[Data records]
>>>

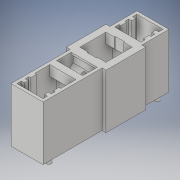
# Autodesk Inventor part: Colorimeter
Saved by Autodesk Inventor 2019 (Build 230136000, 136)
## iProperties
Created: 2019-03-27
Part Number: Colorimeter
Material: Generic
Document SubType Name: Modeling
Designer: Hansen
Density: 1 g/cm^3
Appearance: Default
Author: Hansen
Autodesk Inventor part; units mm, degrees
ref_plane "YZ Plane" through (0, 0, 0) normal (1, 0, 0) x (0, 1, 0)
ref_plane "XZ Plane" through (0, 0, 0) normal (0, 1, 0) x (-1, 0, 0)
ref_plane "XY Plane" through (0, 0, 0) normal (0, 0, 1) x (1, 0, 0)
sketch "BasePlateSketch" plane through (0, 0, 0) normal (0, 1, 0) x (-1, 0, 0)
  line L0 (-8.25, 32.5) -> (8.25, 32.5)
  line L1 (8.25, 32.5) -> (8.25, -32.5)
  line L2 (8.25, -32.5) -> (-8.25, -32.5)
  line L3 (-8.25, -32.5) -> (-8.25, 32.5)
  line L4 (-8.25, 32.5) -> (8.25, -32.5) construction
  line L5 (8.25, 32.5) -> (-8.25, -32.5) construction
  circle A0 centre (0, 28) radius 1.35
  circle A1 centre (0, -28) radius 1.35
  line L6 (-5.85, -25.25) -> (5.85, -25.25)
  line L7 (5.85, -25.25) -> (5.85, -21.75)
  line L8 (5.85, -21.75) -> (-5.85, -21.75)
  line L9 (-5.85, -21.75) -> (-5.85, -25.25)
  line L10 (-5.85, -25.25) -> (5.85, -21.75) construction
  line L11 (5.85, -25.25) -> (-5.85, -21.75) construction
  line L12 (-5.85, 25.25) -> (5.85, 25.25)
  line L13 (5.85, 25.25) -> (5.85, 21.75)
  line L14 (5.85, 21.75) -> (-5.85, 21.75)
  line L15 (-5.85, 21.75) -> (-5.85, 25.25)
  line L16 (-5.85, 25.25) -> (5.85, 21.75) construction
  line L17 (5.85, 25.25) -> (-5.85, 21.75) construction
  line L18 (4.375, 7) -> (-4.375, 7)
  line L19 (-4.375, 7) -> (-4.375, 2)
  line L20 (-4.375, 2) -> (4.375, 2)
  line L21 (4.375, 2) -> (4.375, 7)
  line L22 (4.375, 7) -> (-4.375, 2) construction
  line L23 (-4.375, 7) -> (4.375, 2) construction
  point P0 (0, 0)
  point P1 (0, 0)
  point P2 (0, 0)
  point P3 (0, -23.5)
  point P4 (0, -23.5)
  point P5 (0, 23.5)
  point P6 (0, 23.5)
  point P7 (0, 4.5)
  point P8 (0, 4.5)
  dimension "d0" = 16.5
  dimension "d1" = 65
  dimension "d2" = 4.5
  dimension "d3" = 2.7
  dimension "d4" = 4.5
  dimension "d21" = 11.7
  dimension "d22" = 3.5
  dimension "d23" = 9
  dimension "d24" = 9
  dimension "d25" = 5
  dimension "d26" = 8.75
  dimension "d27" = 25.5
  constraints: 48 end point, 13 midpoint, 8 parallel, 5 vertical alignment, 4 horizontal, 4 perpendicular, 2 centre point, 2 equal length, 1 equal radius
  measures "d0" distance of L1.end L2.end
  measures "d1" distance of L0.end L1.end
  measures "d2" distance from line of L2 A1.centre
  measures "d3" diameter of A1
  measures "d4" distance from line of L0 A0.centre
  measures "d21" distance of L6.start L6.end
  measures "d22" distance of L6.end L7.end
  measures "d23" distance from line of L2 point (0, -23.5)
  measures "d24" distance from line of point (0, 23.5) L0
  measures "d25" distance of L18.end L19.end
  measures "d26" distance of L18.start L18.end
  measures "d27" distance between parallel lines of L0 L18
extrude "BasePlate" add sketch "BasePlateSketch" along normal blind 3
sketch "SeparationsSketch" plane through (8.25, 0, 32.5) normal (1, 0, 0) x (0, 0, -1)
  line L0 (0, 3) -> (65, 3) projected
  line L1 (47.5, 3) -> (51, 3)
  line L2 (47.5, 3) -> (47.5, 5)
  line L3 (47.5, 5) -> (51, 8.5)
  line L4 (51, 8.5) -> (51, 19.25)
  line L5 (51, 19.25) -> (47.5, 22.75)
  line L6 (47.5, 22.75) -> (47.5, 28)
  line L7 (47.5, 28) -> (51, 28)
  line L8 (51, 28) -> (51, 22.75)
  line L9 (51, 22.75) -> (54.5, 19.25)
  line L10 (54.5, 19.25) -> (54.5, 8.5)
  line L11 (54.5, 8.5) -> (51, 5)
  line L12 (51, 5) -> (51, 3)
  line L13 (30.5, 3) -> (34, 3)
  line L14 (34, 3) -> (34, 13)
  line L15 (34, 13) -> (30.5, 16.5)
  line L16 (30.5, 16.5) -> (30.5, 19.25)
  line L17 (30.5, 19.25) -> (34, 22.75)
  line L18 (34, 22.75) -> (34, 28)
  line L19 (34, 28) -> (30.5, 28)
  line L20 (30.5, 28) -> (30.5, 22.75)
  line L21 (30.5, 22.75) -> (27, 19.25)
  line L22 (27, 19.25) -> (27, 16.5)
  line L23 (27, 16.5) -> (30.5, 13)
  line L24 (30.5, 13) -> (30.5, 3)
  line L25 (25.5, 0) -> (25.5, 3) projected
  line L26 (25.5, 3) -> (22, 3)
  line L27 (65, 3) -> (0, 3) projected
  line L28 (25.5, 3) -> (25.5, 19.25)
  line L29 (25.5, 19.25) -> (22, 22.75)
  line L30 (22, 22.75) -> (22, 28)
  line L31 (22, 28) -> (18.5, 28)
  line L32 (22, 3) -> (22, 19.25)
  line L33 (22, 19.25) -> (18.5, 22.75)
  line L34 (18.5, 22.75) -> (18.5, 28)
  point P0 (32.5, 0)
  point P1 (52.75, 21)
  point P2 (49.25, 21)
  point P3 (52.75, 6.75)
  point P4 (49.25, 6.75)
  point P5 (32.25, 21)
  point P6 (28.75, 21)
  point P7 (32.25, 14.75)
  point P8 (28.75, 14.75)
  point P9 (23.75, 21)
  point P10 (20.25, 21)
  dimension "d7" = 3.5
  dimension "d8" = 3.5
  dimension "d9" = 14
  dimension "d10" = 18
  dimension "d11" = 25
  dimension "d13" = 2
  dimension "d14" = 135
  dimension "d16" = 3.5
  dimension "d18" = 13.5
  dimension "d19" = 10
  dimension "d20" = 135
  dimension "d28" = 135
  constraints: 64 end point, 12 parallel, 11 point on line, 10 midpoint, 9 horizontal alignment, 8 perpendicular, 4 vertical, 3 collinear, 3 vertical alignment
  measures "d7" distance between parallel lines of L8 L6
  measures "d8" distance between parallel lines of L10 L4
  measures "d9" distance of L0.end L1.end
  measures "d10" distance from line of L1 point (52.75, 21)
  measures "d11" distance between parallel lines of L1 L7
  measures "d13" distance of L1.start L2.end
  measures "d14" angle of L4 L5
  measures "d16" distance between parallel lines of L16 L22
  measures "d18" distance between parallel lines of L6 L18
  measures "d19" distance of L13.end L14.end
  measures "d20" angle of L16 L17
  measures "d28" angle of L32 L33
extrude "Separations" add sketch "SeparationsSketch" against normal blind 16.5
sketch "Aperture1Sketch" plane through (8.25, 22.75, 14) normal (0, 0, 1) x (1, 0, 0)
  circle A0 centre (-8.25, -1.75) radius 1.5
  line L0 (-16.5, -19.75) -> (0, -19.75) projected
  line L1 (0, -22.75) -> (-16.5, -22.75) projected
  point P0 (-8.25, -22.75)
  point P1 (-8.25, -22.75)
  dimension "d31" = 3
  dimension "d32" = 18
  constraints: 1 centre point, 1 midpoint, 1 vertical alignment
  measures "d31" diameter of A0
  measures "d32" distance from line of L0 A0.centre
extrude "Aperture1" cut sketch "Aperture1Sketch" against normal up to surface (8.5 mm away)
sketch "Aperture2Sketch" plane through (8.25, 16.5, 5.5) normal (0, 0, 1) x (1, 0, 0)
  circle A0 centre (-8.25, 4.5) radius 1.5 projected
  circle A1 centre (-8.25, 4.5) radius 1.375
  point P0 (-8.25, -16.5)
  dimension "d35" = 2.75
  constraints: 1 centre point, 1 coincident
  measures "d35" diameter of A1
extrude "Aperture2" cut sketch "Aperture2Sketch" against normal up to surface (20.5 mm away) contours A1
sketch "Aperture3Sketch" plane through (8.25, 8.5, -22) normal (0, 0, -1) x (-1, 0, 0)
  circle A0 centre (8.25, 12.5) radius 1.375 projected
  circle A1 centre (8.25, 12.5) radius 1
  point P0 (8.25, -8.5)
  point P1 (7.989, 11.65)
  point P2 (7.989, 14.35)
  dimension "d38" = 2
  constraints: 1 centre point, 1 coincident, 1 other
  measures "d38" diameter of A1
extrude "Aperture3" cut sketch "Aperture3Sketch" against normal up to surface (20.5 mm away) contours A1
sketch "ApertureRefSketch" plane through (8.25, 3, 10.5) normal (0, 0, 1) x (1, 0, 0)
  line L0 (-16.5, 0) -> (0, 0) projected
  line L1 (-9.75, 7) -> (-6.75, 7)
  line L2 (-6.75, 7) -> (-6.75, 0)
  line L3 (-6.75, 0) -> (-9.75, 0)
  line L4 (-9.75, 0) -> (-9.75, 7)
  line L5 (-9.75, 7) -> (-6.75, 0) construction
  line L6 (-6.75, 7) -> (-9.75, 0) construction
  line L7 (0, -3) -> (-16.5, -3) projected
  point P0 (-8.25, -3)
  point P1 (-8.25, 3.5)
  point P2 (-8.25, 3.5)
  point P3 (-8.25, -3)
  dimension "d41" = 7
  dimension "d42" = 3
  constraints: 12 end point, 4 midpoint, 2 parallel, 1 horizontal, 1 perpendicular, 1 point on line, 1 vertical alignment
  measures "d41" distance of L3.end L1.start
  measures "d42" distance of L1.start L1.end
extrude "ApertureRef" cut sketch "ApertureRefSketch" against normal up to next
chamfer "ApertureRefChamfer" distance 3 angle 45 1 edges at (0, 10, 10.5)
sketch "OverlapSketch" plane through (8.25, 28, -15) normal (0, 1, 0) x (1, 0, 0)
  line L0 (0, 0) -> (-16.5, 0) projected
  line L1 (0, 17.5) -> (0, -47.5) projected
  line L2 (-16.5, 0) -> (0, 0)
  line L3 (0, 0) -> (0, 4.5)
  line L4 (0, 4.5) -> (-16.5, 4.5)
  line L5 (-16.5, 4.5) -> (-16.5, 0)
  line L6 (0, -13.5) -> (-16.5, -13.5) projected
  line L7 (0, -17) -> (0, -20.5) projected
  line L8 (-16.5, -13.5) -> (0, -13.5)
  line L9 (0, -13.5) -> (0, -18)
  line L10 (0, -18) -> (-16.5, -18)
  line L11 (-16.5, -18) -> (-16.5, -13.5)
  line L12 (0, -17) -> (-16.5, -17) projected
  line L13 (0, 3.5) -> (-16.5, 3.5) projected
  point P0 (-8.25, -15)
  dimension "d48" = 1
  dimension "d49" = 1
  constraints: 16 end point, 4 parallel, 2 horizontal, 2 perpendicular, 2 point on line
  measures "d48" distance between parallel lines of L10 L12
  measures "d49" distance between parallel lines of L13 L4
extrude "Overlap" add sketch "OverlapSketch" against normal blind 1
sketch "SampleProtectionCutoutSketch" plane through (-8.25, 28, -15) normal (0, 1, 0) x (1, 0, 0)
  line L0 (16.5, -13.5) -> (0, -13.5) projected
  line L1 (5.75, -13.5) -> (10.75, -13.5)
  line L2 (10.75, -13.5) -> (10.75, -14)
  line L3 (10.75, -14) -> (5.75, -14)
  line L4 (5.75, -14) -> (5.75, -13.5)
  line L5 (16.5, 0) -> (0, 0) projected
  line L6 (5.75, 0) -> (10.75, 0)
  line L7 (10.75, 0) -> (10.75, 0.5)
  line L8 (10.75, 0.5) -> (5.75, 0.5)
  line L9 (5.75, 0.5) -> (5.75, 0)
  point P0 (8.25, -15)
  point P1 (8.25, -13.5)
  point P2 (8.25, -13.5)
  dimension "d52" = 0.5
  dimension "d53" = 5
  constraints: 16 end point, 4 parallel, 4 point on line, 2 horizontal, 2 midpoint, 2 perpendicular, 1 collinear, 1 vertical alignment
  measures "d52" distance of L3.end L1.start
  measures "d53" distance of L2.end L3.end
extrude "SampleProtectionCutout" cut sketch "SampleProtectionCutoutSketch" against normal blind 25
sketch "ModuleSlidersSketch" plane through (0, 3, 0) normal (0, 1, 0) x (1, 0, 0)
  line L0 (-5.85, -25.25) -> (-5.85, -21.75) projected
  line L1 (-8.25, -32.5) -> (-8.25, 32.5) projected
  line L2 (-5.85, -21.75) -> (-8.25, -21.75)
  line L3 (-8.25, -21.75) -> (-8.25, -24.75)
  line L4 (-8.25, -24.75) -> (-5.85, -24.75)
  line L5 (-5.85, -24.75) -> (-5.85, -21.75)
  line L6 (8.25, 32.5) -> (8.25, -32.5) projected
  line L7 (5.85, -21.75) -> (8.25, -21.75)
  line L8 (8.25, -21.75) -> (8.25, -24.75)
  line L9 (8.25, -24.75) -> (5.85, -24.75)
  line L10 (5.85, -24.75) -> (5.85, -21.75)
  line L11 (-5.85, 25.25) -> (-5.85, 21.75) projected
  line L12 (-5.85, 21.75) -> (-8.25, 21.75)
  line L13 (-8.25, 21.75) -> (-8.25, 24.75)
  line L14 (-8.25, 24.75) -> (-5.85, 24.75)
  line L15 (-5.85, 24.75) -> (-5.85, 21.75)
  line L16 (-5.85, 21.75) -> (5.85, 21.75) projected
  line L17 (5.85, 21.75) -> (8.25, 21.75)
  line L18 (8.25, 21.75) -> (8.25, 24.75)
  line L19 (8.25, 24.75) -> (5.85, 24.75)
  line L20 (5.85, 24.75) -> (5.85, 21.75)
  line L21 (-8.25, -28.75) -> (-5.25, -28.75)
  line L22 (-5.25, -28.75) -> (-5.25, -26.75)
  line L23 (-5.25, -26.75) -> (-8.25, -26.75)
  line L24 (-8.25, -26.75) -> (-8.25, -28.75)
  line L25 (8.25, -28.75) -> (5.25, -28.75)
  line L26 (5.25, -28.75) -> (5.25, -26.75)
  line L27 (5.25, -26.75) -> (8.25, -26.75)
  line L28 (8.25, -26.75) -> (8.25, -28.75)
  line L29 (-8.25, 26.75) -> (-5.25, 26.75)
  line L30 (-5.25, 26.75) -> (-5.25, 28.75)
  line L31 (-5.25, 28.75) -> (-8.25, 28.75)
  line L32 (-8.25, 28.75) -> (-8.25, 26.75)
  line L33 (8.25, 28.75) -> (5.25, 28.75)
  line L34 (5.25, 28.75) -> (5.25, 26.75)
  line L35 (5.25, 26.75) -> (8.25, 26.75)
  line L36 (8.25, 26.75) -> (8.25, 28.75)
  line L37 (-8.25, -32.5) -> (8.25, -32.5) projected
  line L38 (8.25, 32.5) -> (-8.25, 32.5) projected
  point P0 (0, 0)
  dimension "d56" = 2
  dimension "d57" = 2
  dimension "d58" = 2
  dimension "d59" = 10.5
  dimension "d60" = 3.75
  dimension "d61" = 3.75
  constraints: 64 end point, 16 parallel, 16 point on line, 8 horizontal, 8 perpendicular, 2 collinear
  measures "d56" distance between parallel lines of L4 L23
  measures "d57" distance between parallel lines of L29 L14
  measures "d58" distance of L21.end L22.end
  measures "d59" distance between parallel lines of L26 L22
  measures "d60" distance between parallel lines of L37 L21
  measures "d61" distance between parallel lines of L38 L31
extrude "ModuleSliders" add sketch "ModuleSlidersSketch" along normal blind 25 contours L4 L1 L2 L0 | L23 L22 L21 L1 | L1 L14 L11 L12 | L1 L31 L30 L29 | L20 L19 L6 L17 | L25 L26 L27 L6 | L6 L9 L10 L7 | L35 L34 L33 L6
sketch "BaseplateComponentsCutoutSketch" plane through (0, 0, 0) normal (0, -1, 0) x (1, 0, 0)
  line L0 (-4.375, 7) -> (4.375, 7) projected
  line L1 (3, 7) -> (-3, 7)
  line L2 (-3, 7) -> (-3, 9)
  line L3 (-3, 9) -> (3, 9)
  line L4 (3, 9) -> (3, 7)
  line L5 (5.25, 20) -> (-5.25, 20)
  line L6 (-5.25, 20) -> (-5.25, 15.5)
  line L7 (-5.25, 15.5) -> (5.25, 15.5)
  line L8 (5.25, 15.5) -> (5.25, 20)
  line L9 (5.85, 21.75) -> (-5.85, 21.75) projected
  point P0 (0, 0)
  point P1 (0, 9)
  point P2 (0, 15.5)
  dimension "d64" = 1.75
  dimension "d65" = 4.5
  dimension "d66" = 10.5
  dimension "d67" = 6
  dimension "d68" = 2
  constraints: 16 end point, 4 parallel, 2 horizontal, 2 midpoint, 2 perpendicular, 2 vertical alignment, 1 point on line
  measures "d64" distance between parallel lines of L5 L9
  measures "d65" distance of L7.end L5.start
  measures "d66" distance of L6.end L7.end
  measures "d67" distance of L2.end L3.end
  measures "d68" distance of L3.end L1.start
extrude "BaseplateComponentsCutout" cut sketch "BaseplateComponentsCutoutSketch" against normal blind 1
sketch "OuterWallsSketch" plane through (0, 0, 0) normal (0, -1, 0) x (1, 0, 0)
  line L0 (8.25, 32.5) -> (-8.25, 32.5) projected
  line L1 (8.25, -32.5) -> (8.25, 32.5) projected
  line L2 (-8.25, 32.5) -> (8.25, 32.5)
  line L3 (8.25, 32.5) -> (8.25, -32.5)
  line L4 (8.25, -32.5) -> (-8.25, -32.5)
  line L5 (-8.25, -32.5) -> (-8.25, 32.5)
  line L6 (6.75, 31) -> (-6.75, 31)
  line L7 (-6.75, 31) -> (-6.75, -31)
  line L8 (-6.75, -31) -> (6.75, -31)
  line L9 (6.75, -31) -> (6.75, 31)
  line L10 (8.25, 2) -> (10.25, 2)
  line L11 (10.25, 2) -> (10.25, -18.5)
  line L12 (10.25, -18.5) -> (8.25, -18.5)
  line L13 (8.25, -18.5) -> (8.25, 2)
  line L14 (-8.25, 2) -> (-10.25, 2)
  line L15 (-10.25, 2) -> (-10.25, -18.5)
  line L16 (-10.25, -18.5) -> (-8.25, -18.5)
  line L17 (-8.25, -18.5) -> (-8.25, 2)
  point P0 (0, 0)
  point P1 (6.75, 0)
  point P2 (0, -31)
  dimension "d72" = 13.5
  dimension "d73" = 1.5
  dimension "d74" = 3.5
  constraints: 32 end point, 8 parallel, 4 horizontal, 4 perpendicular, 4 point on line, 2 coincident, 2 midpoint, 1 collinear, 1 horizontal alignment, 1 vertical alignment
  measures "d72" distance between parallel lines of L7 L9
  measures "d73" distance between parallel lines of L4 L8
  measures "d74" distance between parallel lines of L9 L11
extrude "OuterWalls" add sketch "OuterWallsSketch" against normal blind 28
sketch "ExpansionHeaderCutoutSketch" plane through (0, 0, 0) normal (0, -1, 0) x (1, 0, 0)
  line L0 (-10.25, -18.5) -> (-10.25, 2) projected
  line L1 (-10.25, -6) -> (-6.5, -6)
  line L2 (-6.5, -6) -> (-6.5, -19)
  line L3 (-6.5, -19) -> (-10.25, -19)
  line L4 (-10.25, -19) -> (-10.25, -6)
  line L5 (-8.25, -32.5) -> (8.25, -32.5) projected
  point P0 (0, 0)
  dimension "d77" = 13.5
  dimension "d78" = 13
  dimension "d82" = 3.75
  constraints: 8 end point, 2 parallel, 1 horizontal, 1 perpendicular, 1 point on line
  measures "d77" distance between parallel lines of L5 L3
  measures "d78" distance between parallel lines of L3 L1
  measures "d82" distance of L1.start L1.end
extrude "ExpansionHeaderCutout" cut sketch "ExpansionHeaderCutoutSketch" against normal blind 2
sketch "AlignmentPadsSketch" plane through (0, 0, 0) normal (0, -1, 0) x (1, 0, 0)
  circle A0 centre (6.75, 28) radius 1.25
  circle A1 centre (6.75, -28) radius 1.25
  circle A2 centre (-6.75, -28) radius 1.25
  circle A3 centre (-6.75, 28) radius 1.25
  line L0 (8.25, -32.5) -> (8.25, -18.5) projected
  line L1 (-8.25, -32.5) -> (8.25, -32.5) projected
  point P0 (0, 0)
  dimension "d83" = 2.5
  dimension "d84" = 56
  dimension "d85" = 13.5
  dimension "d86" = 1.5
  dimension "d87" = 4.5
  constraints: 4 centre point, 3 equal radius, 2 horizontal alignment, 2 vertical alignment
  measures "d83" diameter of A0
  measures "d84" distance of A1.centre A0.centre
  measures "d85" distance of A3.centre A0.centre
  measures "d86" distance from line of A1.centre L0
  measures "d87" distance from line of L1 A1.centre
extrude "Extrusion13" add sketch "AlignmentPadsSketch" along normal blind 2
equation "\"d4\" = d2"
equation "\"d24\" = d23"
equation "\"d8\" = d7"
equation "\"d16\" = d7"
equation "\"d20\" = d14"
equation "\"d28\" = d14"
equation "\"d29\" = d0"
equation "\"d32\" = d10"
equation "\"d49\" = d48"
equation "\"d54\" = d11"
equation "\"d57\" = d56"
equation "\"d61\" = d60"
equation "\"d62\" = d11"
equation "\"d72\" = d18"
equation "\"d74\" = d7"
equation "\"d75\" = d5 + d11"
equation "\"d5\" = 3"
body "Solid1"

<<<

=== GOAL OF THE EXERCISE ===
Only those lines of the entries above that run from the line containing "line L0 (-4.375, 7) -> (4.375, 7) projected" to the line containing "point P2 (0, 15.5)", both included, should be transcribed exactly.

=== EXERCISE RESULT ===
  line L0 (-4.375, 7) -> (4.375, 7) projected
  line L1 (3, 7) -> (-3, 7)
  line L2 (-3, 7) -> (-3, 9)
  line L3 (-3, 9) -> (3, 9)
  line L4 (3, 9) -> (3, 7)
  line L5 (5.25, 20) -> (-5.25, 20)
  line L6 (-5.25, 20) -> (-5.25, 15.5)
  line L7 (-5.25, 15.5) -> (5.25, 15.5)
  line L8 (5.25, 15.5) -> (5.25, 20)
  line L9 (5.85, 21.75) -> (-5.85, 21.75) projected
  point P0 (0, 0)
  point P1 (0, 9)
  point P2 (0, 15.5)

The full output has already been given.